I was fine once I calmed down. Dan was too. I think I took a couple ibuprofen and sat on the couch after my professor let me go home from class early (Thanks again, Dr. Brown!).

And I geared up for the next day’s presentations with the Women’s Initiative at noon in Mt. Pleasant and the Shiawasee County MS Self-help Group later that evening in Owosso.
Speaking with Dan in front of 300 people at the Women's Initiative event (thanks for the photo, Peggy!)

Speaking with Dan in front of 300 people at the Women's Initiative event (thanks for the photo, Peggy!)

Marked with the sign of the bathroom tile floor, Dan and I delivered two of our best speaking engagements the next day. We were fortunate enough to share our story and increase MS awareness, all while I was rockin’ my first-ever black eye : -)

And to be frankly honest, I sported that black eye with pride because it symbolized both the reality of my Multiple Sclerosis and my determination to not let this disease hold me down.

[Note: Jennifer's black eye has cleared up and she is busily writing her last paper of the semester.]

This concludes the 77th edition of the Carnival.

The next Carnival of MS Bloggers will be hosted here on December 16, 2010. Please remember to submit a post (via email) from your blog of which you are particularly proud, or which you simply want to share, by noon on Tuesday, December 14, 2010.

Thank you.

Comments for this post.


  1. Thank you for sharing this story.
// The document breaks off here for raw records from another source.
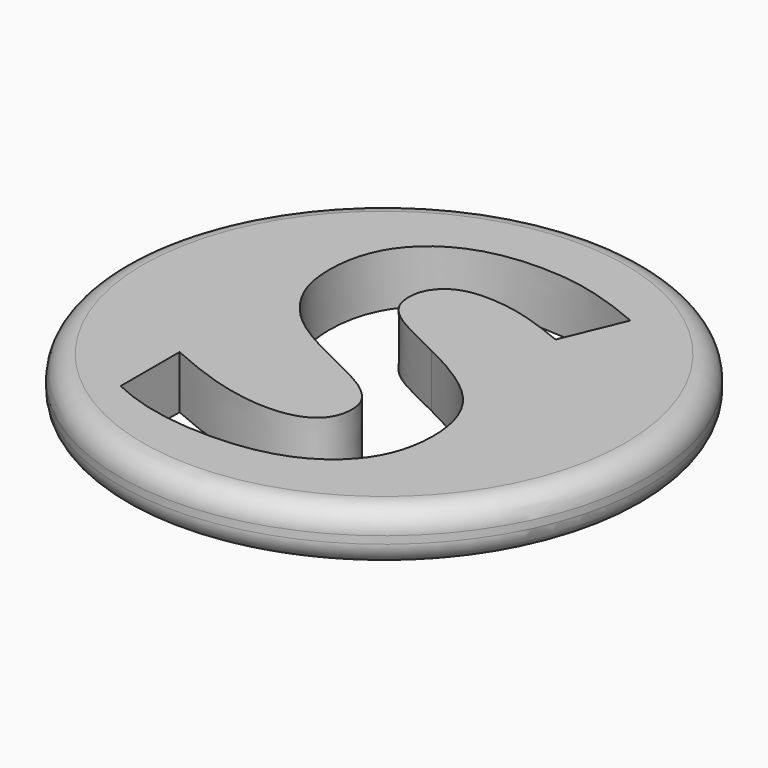
from build123d import *

# Parameters (mm, degrees)
F0_R         = 11.605
F1_DEPTH     = 1.165
F2_R         = 1
F3_TEXT_SIZE = 23.001632628
F4_DEPTH     = 2.331


# Not quite as in the source:
# - Text() gives the source's letters only with a copy of the font that has no kerning and outlines rounded to 1/6400 em; it was checked with that copy


with BuildPart() as f1:
    # F0 (on Top) → F1 (new body, symmetric)
    with BuildSketch(Plane.XY):
        Circle(F0_R)
    extrude(amount=F1_DEPTH, both=True)

    # F2
    f2_edges = [f1.edges().sort_by_distance(p)[0] for p in [
        (-11.605, 0, 1.165),
        (-11.605, 0, -1.165),
    ]]
    fillet(f2_edges, radius=F2_R)

    # F3 (on face) → F4 (cut, through all)
    with BuildSketch(Plane.XY.offset(1.165)):
        with Locations((-6.6255483984, -8.2805877461)):
            Text('S', F3_TEXT_SIZE, font='Open Sans', font_style=FontStyle.BOLD, text_align=(TextAlign.LEFT, TextAlign.BOTTOM))
    extrude(amount=-F4_DEPTH, mode=Mode.SUBTRACT)


solid = f1.part
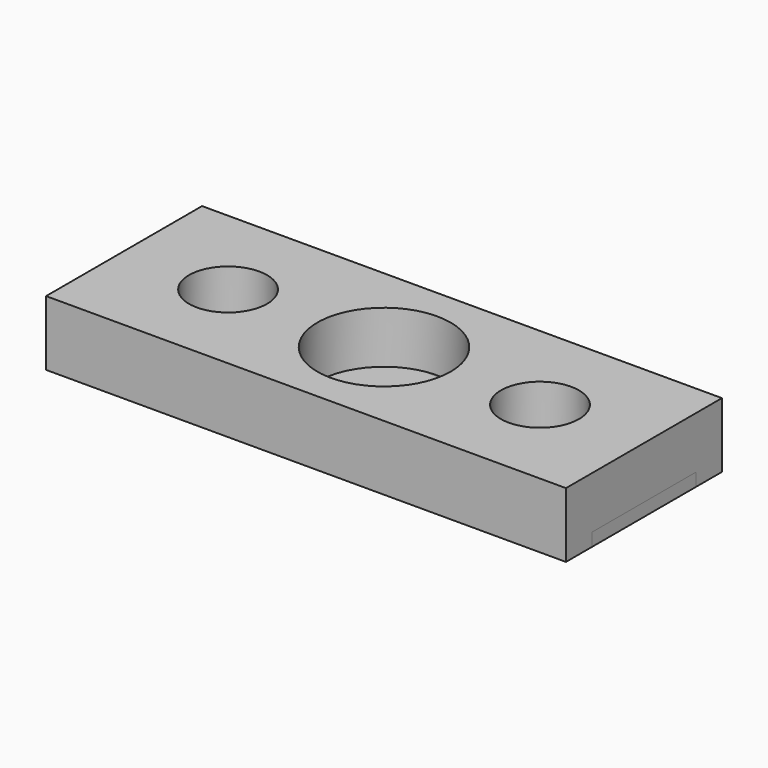
from build123d import *

# Parameters (mm, degrees)
F0_W     = 40
F0_H     = 15
F0_R     = 3
F0_R_2   = 5.125
F1_DEPTH = 1
F2_DEPTH = 5
F3_W     = 40
F3_H     = 10
F3_R     = 1.65
F4_DEPTH = 1
F5_DEPTH = 4


with BuildPart() as f1:
    # F0 (on Top) → F1 (new body)
    with BuildSketch(Plane.XY):
        Rectangle(F0_W, F0_H)
        with Locations((-12, 0)):
            Circle(F0_R, mode=Mode.SUBTRACT)
        Circle(F0_R_2, mode=Mode.SUBTRACT)
        with Locations((12, 0)):
            Circle(F0_R, mode=Mode.SUBTRACT)
        Circle(F0_R_2)
        Circle(F0_R, mode=Mode.SUBTRACT)
    extrude(amount=F1_DEPTH)

    # F0 (on Top) → F2 (join)
    with BuildSketch(Plane.XY):
        Rectangle(F0_W, F0_H)
        with Locations((-12, 0)):
            Circle(F0_R, mode=Mode.SUBTRACT)
        Circle(F0_R_2, mode=Mode.SUBTRACT)
        with Locations((12, 0)):
            Circle(F0_R, mode=Mode.SUBTRACT)
    extrude(amount=F2_DEPTH)


with BuildPart() as f4:
    # F3 (on Top) → F4 (new body)
    with BuildSketch(Plane.XY):
        Rectangle(F3_W, F3_H)
        with Locations((-8, 0)):
            Circle(F3_R, mode=Mode.SUBTRACT)
        with Locations((-8, 0)):
            Circle(F3_R)
    extrude(amount=F4_DEPTH)

    # F3 (on Top) → F5 (join)
    with BuildSketch(Plane.XY):
        with Locations((-8, 0)):
            Circle(F3_R)
    extrude(amount=F5_DEPTH)


solid = Compound([f1.part, f4.part])

May you and Dan stay strong and continue to live to the fullest.

    Ellie in WI
    Going on 20 years in living with MS

  2. Ouch!! I've had MS for 15 years and rarely have my falls looked so badly! Most of the time it's been only my ego that's been hurt! Embarrassment is not a fun emotion!

    I'm glad I found this carnival! It will be fun getting to know all of you fellow bloggers!


  3. Fabulous stories and advice about coping, dealing, and not being so afraid. Let us live!